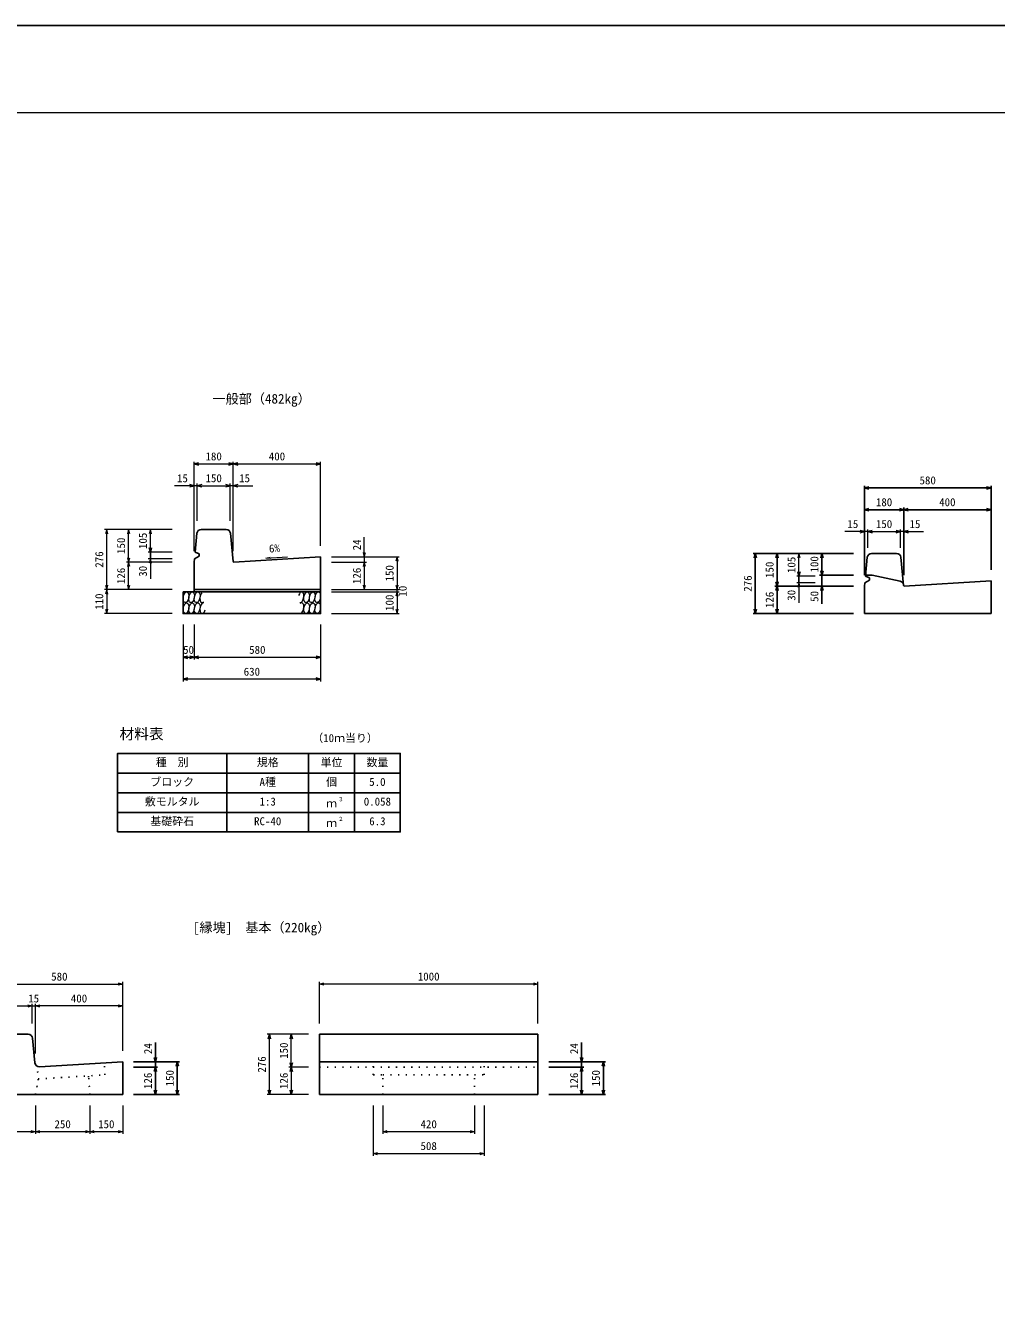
# Model space of a CAD drawing. Units: millimetres, scale not verified. Extents: x -8400 to 8400, y -5940 to 5940.
# Drawn here: x -6026 to -1578, y 96 to 5940 of the extents above; entities that cross this region are included whole.
import ezdxf
from ezdxf.enums import TextEntityAlignment as Align

# ---------------------------------------------------------------- set-up
doc = ezdxf.new("R2010")
doc.units = ezdxf.units.MM
doc.header["$LTSCALE"] = 20
doc.linetypes.add('DOTTED', pattern=[1.75, 0.25, -1.5])
for name, color, linetype, lineweight in [('0-0_DIM', 7, 'Continuous', 25), ('0-1_Defpoints', 5, 'Continuous', 25), ('0-2_HATCH', 6, 'Continuous', 25), ('0-3_HYO', 3, 'Continuous', 25), ('0-4_HYO2', 4, 'Continuous', 25), ('0-5_OUTLINE', 3, 'Continuous', 25), ('0-6_OUTLINE2', 4, 'DOTTED', 25), ('0-7_TXT', 7, 'Continuous', 25), ('0-8_WAKU', 3, 'Continuous', 13)]:
    doc.layers.add(name, color=color, linetype=linetype, lineweight=lineweight)
doc.styles.add('ＭＳ ゴシック', font='')
doc.styles.get('ＭＳ ゴシック').set_extended_font_data('MS Gothic')

msp = doc.modelspace()

# ---------------------------------------------------------------- linework, layer by layer
at = {"layer": '0-0_DIM', "lineweight": 13}
for p, q in [((-5253.89, 3532.29), (-5253.89, 3942.29)), ((-5253.89, 3932.29), (-5073.89, 3932.29)), ((-5073.89, 3532.29), (-5073.89, 3942.29)), ((-5073.89, 3932.29), (-4673.89, 3932.29)), ((-4673.89, 3556.29), (-4673.89, 3942.29)), ((-5253.89, 3832.29), (-5343.89, 3832.29)), ((-5238.89, 3832.29), (-5253.89, 3832.29)), ((-5238.89, 3670.8), (-5238.89, 3842.29)), ((-5238.89, 3832.29), (-5088.89, 3832.29)), ((-5088.89, 3670.8), (-5088.89, 3842.29)), ((-5073.89, 3832.29), (-5088.89, 3832.29)), ((-5073.89, 3832.29), (-4983.89, 3832.29)), ((-5353.89, 3632.29), (-5663.89, 3632.29)), ((-5653.89, 3356.29), (-5653.89, 3632.29)), ((-5553.89, 3482.29), (-5553.89, 3632.29)), ((-5453.89, 3527.29), (-5453.89, 3632.29)), ((-2168.06, 3547.29), (-2168.06, 3632.49)), ((-2018.06, 3547.29), (-2018.06, 3632.49)), ((-4473.89, 3506.29), (-4473.89, 3596.29)), ((-2183.06, 3622.49), (-2273.06, 3622.49)), ((-2168.06, 3622.49), (-2183.06, 3622.49)), ((-2168.06, 3622.49), (-2018.06, 3622.49)), ((-2003.06, 3622.49), (-2018.06, 3622.49)), ((-2003.06, 3622.49), (-1913.06, 3622.49)), ((-5353.89, 3527.29), (-5463.89, 3527.29)), ((-4925.65, 3501.2), (-4825.83, 3507.19)), ((-2483.06, 3417.29), (-2483.06, 3522.29)), ((-5353.89, 3482.29), (-5563.89, 3482.29)), ((-5553.89, 3356.29), (-5553.89, 3482.29)), ((-5353.89, 3497.29), (-5463.89, 3497.29)), ((-5453.89, 3497.29), (-5453.89, 3406.37)), ((-4623.89, 3506.29), (-4313.89, 3506.29)), ((-4623.89, 3482.29), (-4463.89, 3482.29)), ((-4473.89, 3506.29), (-4473.89, 3482.29)), ((-4473.89, 3482.29), (-4473.89, 3356.29)), ((-4323.89, 3506.29), (-4323.89, 3356.29)), ((-2408.06, 3417.29), (-2493.06, 3417.29)), ((-5353.89, 3356.29), (-5663.89, 3356.29)), ((-5653.89, 3356.29), (-5653.89, 3246.29)), ((-4623.89, 3356.29), (-4313.89, 3356.29)), ((-4623.89, 3346.29), (-4313.89, 3346.29)), ((-4323.89, 3346.29), (-4323.89, 3356.29)), ((-4323.89, 3346.29), (-4323.89, 3246.29)), ((-2408.06, 3387.29), (-2493.06, 3387.29)), ((-2483.06, 3387.29), (-2483.06, 3296.37)), ((-5353.89, 3246.29), (-5663.89, 3246.29)), ((-4623.89, 3246.29), (-4313.89, 3246.29)), ((-5303.89, 3196.29), (-5303.89, 2936.29)), ((-5253.89, 3196.29), (-5253.89, 3036.29)), ((-4673.89, 3196.29), (-4673.89, 2936.29)), ((-5303.89, 3046.29), (-5253.89, 3046.29)), ((-5253.89, 3046.29), (-4673.89, 3046.29)), ((-4673.89, 2946.29), (-5303.89, 2946.29)), ((-6160.72, 1549.69), (-5580.72, 1549.69)), ((-5580.72, 1243.69), (-5580.72, 1559.69)), ((-4678.91, 1369.69), (-4678.91, 1560.02)), ((-3678.91, 1550.02), (-4678.91, 1550.02)), ((-3678.91, 1369.69), (-3678.91, 1560.02)), ((-5995.72, 1369.69), (-5995.72, 1459.64)), ((-5995.72, 1449.59), (-5980.72, 1449.59)), ((-5980.72, 1232.06), (-5980.72, 1459.59)), ((-5580.72, 1449.59), (-5980.72, 1449.59)), ((-4728.91, 1319.69), (-4918.91, 1319.69)), ((-4908.91, 1043.69), (-4908.91, 1319.69)), ((-4808.91, 1169.69), (-4808.91, 1319.69)), ((-4728.91, 1169.69), (-4818.91, 1169.69)), ((-4808.53, 1169.69), (-4808.53, 1043.69)), ((-5980.72, 993.69), (-5980.72, 863.69)), ((-5730.72, 993.69), (-5730.72, 863.69)), ((-5580.72, 993.69), (-5580.72, 863.69)), ((-4728.91, 1043.69), (-4918.91, 1043.69)), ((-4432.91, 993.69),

========

Task prompt:
Retype each entry above character for character; pictures stay out.

Response to this task:
# Model space of a CAD drawing. Units: millimetres, scale not verified. Extents: x -8400 to 8400, y -5940 to 5940.
# Drawn here: x -6026 to -1578, y 96 to 5940 of the extents above; entities that cross this region are included whole.
import ezdxf
from ezdxf.enums import TextEntityAlignment as Align

# ---------------------------------------------------------------- set-up
doc = ezdxf.new("R2010")
doc.units = ezdxf.units.MM
doc.header["$LTSCALE"] = 20
doc.linetypes.add('DOTTED', pattern=[1.75, 0.25, -1.5])
for name, color, linetype, lineweight in [('0-0_DIM', 7, 'Continuous', 25), ('0-1_Defpoints', 5, 'Continuous', 25), ('0-2_HATCH', 6, 'Continuous', 25), ('0-3_HYO', 3, 'Continuous', 25), ('0-4_HYO2', 4, 'Continuous', 25), ('0-5_OUTLINE', 3, 'Continuous', 25), ('0-6_OUTLINE2', 4, 'DOTTED', 25), ('0-7_TXT', 7, 'Continuous', 25), ('0-8_WAKU', 3, 'Continuous', 13)]:
    doc.layers.add(name, color=color, linetype=linetype, lineweight=lineweight)
doc.styles.add('ＭＳ ゴシック', font='')
doc.styles.get('ＭＳ ゴシック').set_extended_font_data('MS Gothic')

msp = doc.modelspace()

# ---------------------------------------------------------------- linework, layer by layer
at = {"layer": '0-0_DIM', "lineweight": 13}
for p, q in [((-5253.89, 3532.29), (-5253.89, 3942.29)), ((-5253.89, 3932.29), (-5073.89, 3932.29)), ((-5073.89, 3532.29), (-5073.89, 3942.29)), ((-5073.89, 3932.29), (-4673.89, 3932.29)), ((-4673.89, 3556.29), (-4673.89, 3942.29)), ((-5253.89, 3832.29), (-5343.89, 3832.29)), ((-5238.89, 3832.29), (-5253.89, 3832.29)), ((-5238.89, 3670.8), (-5238.89, 3842.29)), ((-5238.89, 3832.29), (-5088.89, 3832.29)), ((-5088.89, 3670.8), (-5088.89, 3842.29)), ((-5073.89, 3832.29), (-5088.89, 3832.29)), ((-5073.89, 3832.29), (-4983.89, 3832.29)), ((-5353.89, 3632.29), (-5663.89, 3632.29)), ((-5653.89, 3356.29), (-5653.89, 3632.29)), ((-5553.89, 3482.29), (-5553.89, 3632.29)), ((-5453.89, 3527.29), (-5453.89, 3632.29)), ((-2168.06, 3547.29), (-2168.06, 3632.49)), ((-2018.06, 3547.29), (-2018.06, 3632.49)), ((-4473.89, 3506.29), (-4473.89, 3596.29)), ((-2183.06, 3622.49), (-2273.06, 3622.49)), ((-2168.06, 3622.49), (-2183.06, 3622.49)), ((-2168.06, 3622.49), (-2018.06, 3622.49)), ((-2003.06, 3622.49), (-2018.06, 3622.49)), ((-2003.06, 3622.49), (-1913.06, 3622.49)), ((-5353.89, 3527.29), (-5463.89, 3527.29)), ((-4925.65, 3501.2), (-4825.83, 3507.19)), ((-2483.06, 3417.29), (-2483.06, 3522.29)), ((-5353.89, 3482.29), (-5563.89, 3482.29)), ((-5553.89, 3356.29), (-5553.89, 3482.29)), ((-5353.89, 3497.29), (-5463.89, 3497.29)), ((-5453.89, 3497.29), (-5453.89, 3406.37)), ((-4623.89, 3506.29), (-4313.89, 3506.29)), ((-4623.89, 3482.29), (-4463.89, 3482.29)), ((-4473.89, 3506.29), (-4473.89, 3482.29)), ((-4473.89, 3482.29), (-4473.89, 3356.29)), ((-4323.89, 3506.29), (-4323.89, 3356.29)), ((-2408.06, 3417.29), (-2493.06, 3417.29)), ((-5353.89, 3356.29), (-5663.89, 3356.29)), ((-5653.89, 3356.29), (-5653.89, 3246.29)), ((-4623.89, 3356.29), (-4313.89, 3356.29)), ((-4623.89, 3346.29), (-4313.89, 3346.29)), ((-4323.89, 3346.29), (-4323.89, 3356.29)), ((-4323.89, 3346.29), (-4323.89, 3246.29)), ((-2408.06, 3387.29), (-2493.06, 3387.29)), ((-2483.06, 3387.29), (-2483.06, 3296.37)), ((-5353.89, 3246.29), (-5663.89, 3246.29)), ((-4623.89, 3246.29), (-4313.89, 3246.29)), ((-5303.89, 3196.29), (-5303.89, 2936.29)), ((-5253.89, 3196.29), (-5253.89, 3036.29)), ((-4673.89, 3196.29), (-4673.89, 2936.29)), ((-5303.89, 3046.29), (-5253.89, 3046.29)), ((-5253.89, 3046.29), (-4673.89, 3046.29)), ((-4673.89, 2946.29), (-5303.89, 2946.29)), ((-6160.72, 1549.69), (-5580.72, 1549.69)), ((-5580.72, 1243.69), (-5580.72, 1559.69)), ((-4678.91, 1369.69), (-4678.91, 1560.02)), ((-3678.91, 1550.02), (-4678.91, 1550.02)), ((-3678.91, 1369.69), (-3678.91, 1560.02)), ((-5995.72, 1369.69), (-5995.72, 1459.64)), ((-5995.72, 1449.59), (-5980.72, 1449.59)), ((-5980.72, 1232.06), (-5980.72, 1459.59)), ((-5580.72, 1449.59), (-5980.72, 1449.59)), ((-4728.91, 1319.69), (-4918.91, 1319.69)), ((-4908.91, 1043.69), (-4908.91, 1319.69)), ((-4808.91, 1169.69), (-4808.91, 1319.69)), ((-4728.91, 1169.69), (-4818.91, 1169.69)), ((-4808.53, 1169.69), (-4808.53, 1043.69)), ((-5980.72, 993.69), (-5980.72, 863.69)), ((-5730.72, 993.69), (-5730.72, 863.69)), ((-5580.72, 993.69), (-5580.72, 863.69)), ((-4728.91, 1043.69), (-4918.91, 1043.69)), ((-4432.91, 993.69),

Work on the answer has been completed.